An increasingly important metric is the corona power ratio. It can measure the power consumption with respect to the gas flow rate, which is one of the economic considerations for industrial precipitators. Additionally, industrial precipitators can benefit from using non-traditional materials that are more resistant to corrosive environments that are common in the industry. Evaluating current-voltage characteristics is another method of assessing the performance of the ESP by monitoring the change in I–V characteristics when changing one or more element. These changes are often verified experimentally against industrial precipitators or lab setups. The impact of changing each of the main design elements of the discharge and collecting electrodes has been assessed through previous works.

Collisions of charged and neutral particles produce an EHD flow within the ESP electrode gap, meaning that EHD flow can greatly influence particle transport. This behavior was studied through several numerical models. The resulting turbulent flow profile is unstable, with vortexes within it contributing to lower collection efficiencies. Regarding the deposition rate of particles, EHD flow contributes to higher deposition rates at a lower flow velocity, increasing the overall collection efficiency.
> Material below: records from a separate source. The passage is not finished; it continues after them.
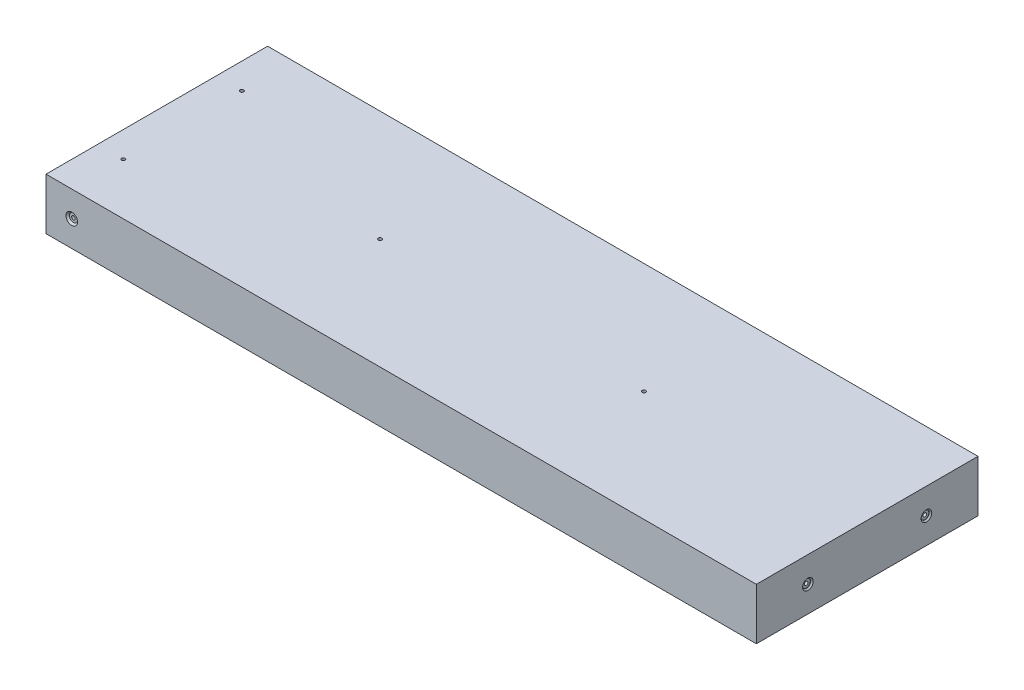
ISO-10303-21;
HEADER;
FILE_DESCRIPTION(('STEP AP214'),'2;1');
FILE_NAME('part.step','',(''),(''),'','','');
FILE_SCHEMA(('AUTOMOTIVE_DESIGN { 1 0 10303 214 1 1 1 1 }'));
ENDSEC;
DATA;
#1=APPLICATION_CONTEXT('core data for automotive mechanical design processes');
#2=APPLICATION_PROTOCOL_DEFINITION('international standard','automotive_design',2000,#1);
#3=PRODUCT_CONTEXT('',#1,'mechanical');
#4=PRODUCT('Part','Part','',(#3));
#5=PRODUCT_RELATED_PRODUCT_CATEGORY('part','',(#4));
#6=PRODUCT_DEFINITION_FORMATION('','',#4);
#7=PRODUCT_DEFINITION_CONTEXT('part definition',#1,'design');
#8=PRODUCT_DEFINITION('design','',#6,#7);
#9=PRODUCT_DEFINITION_SHAPE('','',#8);
#10=(LENGTH_UNIT() NAMED_UNIT(*) SI_UNIT(.MILLI.,.METRE.));
#11=(NAMED_UNIT(*) PLANE_ANGLE_UNIT() SI_UNIT($,.RADIAN.));
#12=(NAMED_UNIT(*) SI_UNIT($,.STERADIAN.) SOLID_ANGLE_UNIT());
#13=UNCERTAINTY_MEASURE_WITH_UNIT(LENGTH_MEASURE(1.E-05),#10,'distance_accuracy_value','');
#14=(GEOMETRIC_REPRESENTATION_CONTEXT(3) GLOBAL_UNCERTAINTY_ASSIGNED_CONTEXT((#13)) GLOBAL_UNIT_ASSIGNED_CONTEXT((#10,
#11,#12)) REPRESENTATION_CONTEXT('',''));
#15=CARTESIAN_POINT('',(0.,0.,0.));
#16=DIRECTION('',(0.,0.,1.));
#17=DIRECTION('',(1.,0.,0.));
#18=AXIS2_PLACEMENT_3D('',#15,#16,#17);
#19=CARTESIAN_POINT('',(-162.3,12.7,-54.6));
#20=DIRECTION('',(0.,0.,-1.));
#21=DIRECTION('',(-1.,0.,0.));
#22=AXIS2_PLACEMENT_3D('',#19,#20,#21);
#23=CYLINDRICAL_SURFACE('',#22,0.889000000000001);
#24=CARTESIAN_POINT('',(-162.3,12.7,-53.7872));
#25=DIRECTION('',(0.,0.,-1.));
#26=DIRECTION('',(-1.,0.,0.));
#27=AXIS2_PLACEMENT_3D('',#24,#25,#26);
#28=CIRCLE('',#27,0.889000000000001);
#29=CARTESIAN_POINT('',(-163.189,12.7,-53.7872));
#30=VERTEX_POINT('',#29);
#31=EDGE_CURVE('E177',#30,#30,#28,.T.);
#32=ORIENTED_EDGE('',*,*,#31,.T.);
#33=EDGE_LOOP('',(#32));
#34=FACE_BOUND('',#33,.T.);
#35=CARTESIAN_POINT('',(-162.3,12.7,-29.2));
#36=DIRECTION('',(0.,0.707106781186547,-0.707106781186547));
#37=DIRECTION('',(0.,-0.707106781186547,-0.707106781186547));
#38=AXIS2_PLACEMENT_3D('',#35,#36,#37);
#39=ELLIPSE('',#38,1.25723585694968,0.889000000000001);
#40=CARTESIAN_POINT('',(-163.189,12.7,-29.2));
#41=VERTEX_POINT('',#40);
#42=CARTESIAN_POINT('',(-161.411,12.7,-29.2));
#43=VERTEX_POINT('',#42);
#44=EDGE_CURVE('E46',#41,#43,#39,.F.);
#45=ORIENTED_EDGE('',*,*,#44,.T.);
#46=CARTESIAN_POINT('',(-162.3,12.7,-29.2));
#47=DIRECTION('',(0.,-0.707106781186547,-0.707106781186547));
#48=DIRECTION('',(0.,0.707106781186547,-0.707106781186547));
#49=AXIS2_PLACEMENT_3D('',#46,#47,#48);
#50=ELLIPSE('',#49,1.25723585694968,0.889000000000001);
#51=EDGE_CURVE('E11',#43,#41,#50,.F.);
#52=ORIENTED_EDGE('',*,*,#51,.T.);
#53=EDGE_LOOP('',(#45,#52));
#54=FACE_BOUND('',#53,.T.);
#55=ADVANCED_FACE('F33',(#34,#54),#23,.F.);
#56=CARTESIAN_POINT('',(-162.3,12.7,54.6));
#57=DIRECTION('',(0.,0.,1.));
#58=DIRECTION('',(1.,0.,0.));
#59=AXIS2_PLACEMENT_3D('',#56,#57,#58);
#60=CYLINDRICAL_SURFACE('',#59,0.889000000000001);
#61=CARTESIAN_POINT('',(-162.3,12.7,53.7872));
#62=DIRECTION('',(0.,0.,1.));
#63=DIRECTION('',(1.,0.,0.));
#64=AXIS2_PLACEMENT_3D('',#61,#62,#63);
#65=CIRCLE('',#64,0.889000000000001);
#66=CARTESIAN_POINT('',(-161.411,12.7,53.7872));
#67=VERTEX_POINT('',#66);
#68=EDGE_CURVE('E162',#67,#67,#65,.T.);
#69=ORIENTED_EDGE('',*,*,#68,.T.);
#70=EDGE_LOOP('',(#69));
#71=FACE_BOUND('',#70,.T.);
#72=CARTESIAN_POINT('',(-162.3,12.7,29.2));
#73=DIRECTION('',(0.,0.707106781186547,0.707106781186547));
#74=DIRECTION('',(0.,-0.707106781186547,0.707106781186547));
#75=AXIS2_PLACEMENT_3D('',#72,#73,#74);
#76=ELLIPSE('',#75,1.25723585694968,0.889000000000001);
#77=CARTESIAN_POINT('',(-161.411,12.7,29.2));
#78=VERTEX_POINT('',#77);
#79=CARTESIAN_POINT('',(-163.189,12.7,29.2));
#80=VERTEX_POINT('',#79);
#81=EDGE_CURVE('E53',#78,#80,#76,.F.);
#82=ORIENTED_EDGE('',*,*,#81,.T.);
#83=CARTESIAN_POINT('',(-162.3,12.7,29.2));
#84=DIRECTION('',(0.,-0.707106781186547,0.707106781186547));
#85=DIRECTION('',(0.,0.707106781186547,0.707106781186547));
#86=AXIS2_PLACEMENT_3D('',#83,#84,#85);
#87=ELLIPSE('',#86,1.25723585694968,0.889000000000001);
#88=EDGE_CURVE('E106',#80,#78,#87,.F.);
#89=ORIENTED_EDGE('',*,*,#88,.T.);
#90=EDGE_LOOP('',(#82,#89));
#91=FACE_BOUND('',#90,.T.);
#92=ADVANCED_FACE('F313',(#71,#91),#60,.F.);
#93=CARTESIAN_POINT('',(175.,25.4,-54.6));
#94=DIRECTION('',(-1.,0.,0.));
#95=DIRECTION('',(0.,0.,1.));
#96=AXIS2_PLACEMENT_3D('',#93,#94,#95);
#97=PLANE('',#96);
#98=CARTESIAN_POINT('',(175.,12.7,29.1995));
#99=DIRECTION('',(1.,0.,0.));
#100=DIRECTION('',(0.,0.,-1.));
#101=AXIS2_PLACEMENT_3D('',#98,#99,#100);
#102=CIRCLE('',#101,2.62001);
#103=CARTESIAN_POINT('',(175.,12.7,26.57949));
#104=VERTEX_POINT('',#103);
#105=EDGE_CURVE('E128',#104,#104,#102,.T.);
#106=ORIENTED_EDGE('',*,*,#105,.F.);
#107=EDGE_LOOP('',(#106));
#108=FACE_BOUND('',#107,.T.);
#109=CARTESIAN_POINT('',(175.,12.7,-29.2005));
#110=DIRECTION('',(1.,0.,0.));
#111=DIRECTION('',(0.,0.,-1.));
#112=AXIS2_PLACEMENT_3D('',#109,#110,#111);
#113=CIRCLE('',#112,2.62001);
#114=CARTESIAN_POINT('',(175.,12.7,-31.82051));
#115=VERTEX_POINT('',#114);
#116=EDGE_CURVE('E201',#115,#115,#113,.T.);
#117=ORIENTED_EDGE('',*,*,#116,.F.);
#118=EDGE_LOOP('',(#117));
#119=FACE_BOUND('',#118,.T.);
#120=DIRECTION('',(0.,0.,-1.));
#121=VECTOR('',#120,1.);
#122=CARTESIAN_POINT('',(175.,0.,-54.6));
#123=LINE('',#122,#121);
#124=CARTESIAN_POINT('',(175.,0.,54.6));
#125=VERTEX_POINT('',#124);
#126=CARTESIAN_POINT('',(175.,0.,-54.6));
#127=VERTEX_POINT('',#126);
#128=EDGE_CURVE('E149',#125,#127,#123,.T.);
#129=ORIENTED_EDGE('',*,*,#128,.T.);
#130=DIRECTION('',(0.,-1.,0.));
#131=VECTOR('',#130,1.);
#132=CARTESIAN_POINT('',(175.,25.4,-54.6));
#133=LINE('',#132,#131);
#134=CARTESIAN_POINT('',(175.,25.4,-54.6));
#135=VERTEX_POINT('',#134);
#136=EDGE_CURVE('E119',#135,#127,#133,.T.);
#137=ORIENTED_EDGE('',*,*,#136,.F.);
#138=DIRECTION('',(0.,0.,-1.));
#139=VECTOR('',#138,1.);
#140=CARTESIAN_POINT('',(175.,25.4,-54.6));
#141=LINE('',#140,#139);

As for gas flow velocity, lower gas inlet velocities generally yield higher precipitation efficiencies, as increasing the flow velocity will lead to a reduction of the particle charging time. Power consumption is another factor that affects the precipitation efficiency. A greater input power yields a higher efficiency, at least until a certain threshold, because after this limit, larger input power values do not continue to increase the efficiency linearly. Using additional emitting electrodes with a lower input power can aid with increasing the precipitation efficiency.

6. Future Work

Further optimization for the geometry of both discharge electrodes and collecting plates is needed to maximize the precipitation performance of electrostatic precipitators. This can mainly be achieved through utilizing a numerical simulation, where new models are still being actively developed [38,67,76]. Some progress has already been made in this regard [38,39], but it is still yet to be applied for specific operating conditions.

More advanced numerical models will also be beneficial in further optimizing geometries of ESPs to surpass the current gas flow velocity limit of about 1.5 m/s [70]. Additionally, these models can aid with overcoming high-voltage requirements of ESPs, lowering the operation cost and partially negating the need for special anti-corrosion electrode materials. As most models use simplifications such as neglecting electrohydrodynamic flow, the diffusion effect on gas flow due to concentration variation, or particle distribution patterns, developing more complete models will help with designing ESP geometries with higher collection efficiencies for sub-micron particulate matter [59,76]. The optimized geometries should focus on limiting charged particle re-entrainment and consider the interaction between the secondary EHD flow and the main flow [59].

Another area that requires further research is the selection of optimum discharge and collecting electrode materials in terms of corrosion compliance for long-term operation. This is especially relevant in industrial applications, where ESPs are susceptible to corrosive materials. The use of multiple stages can partially aid with achieving this goal [6,34].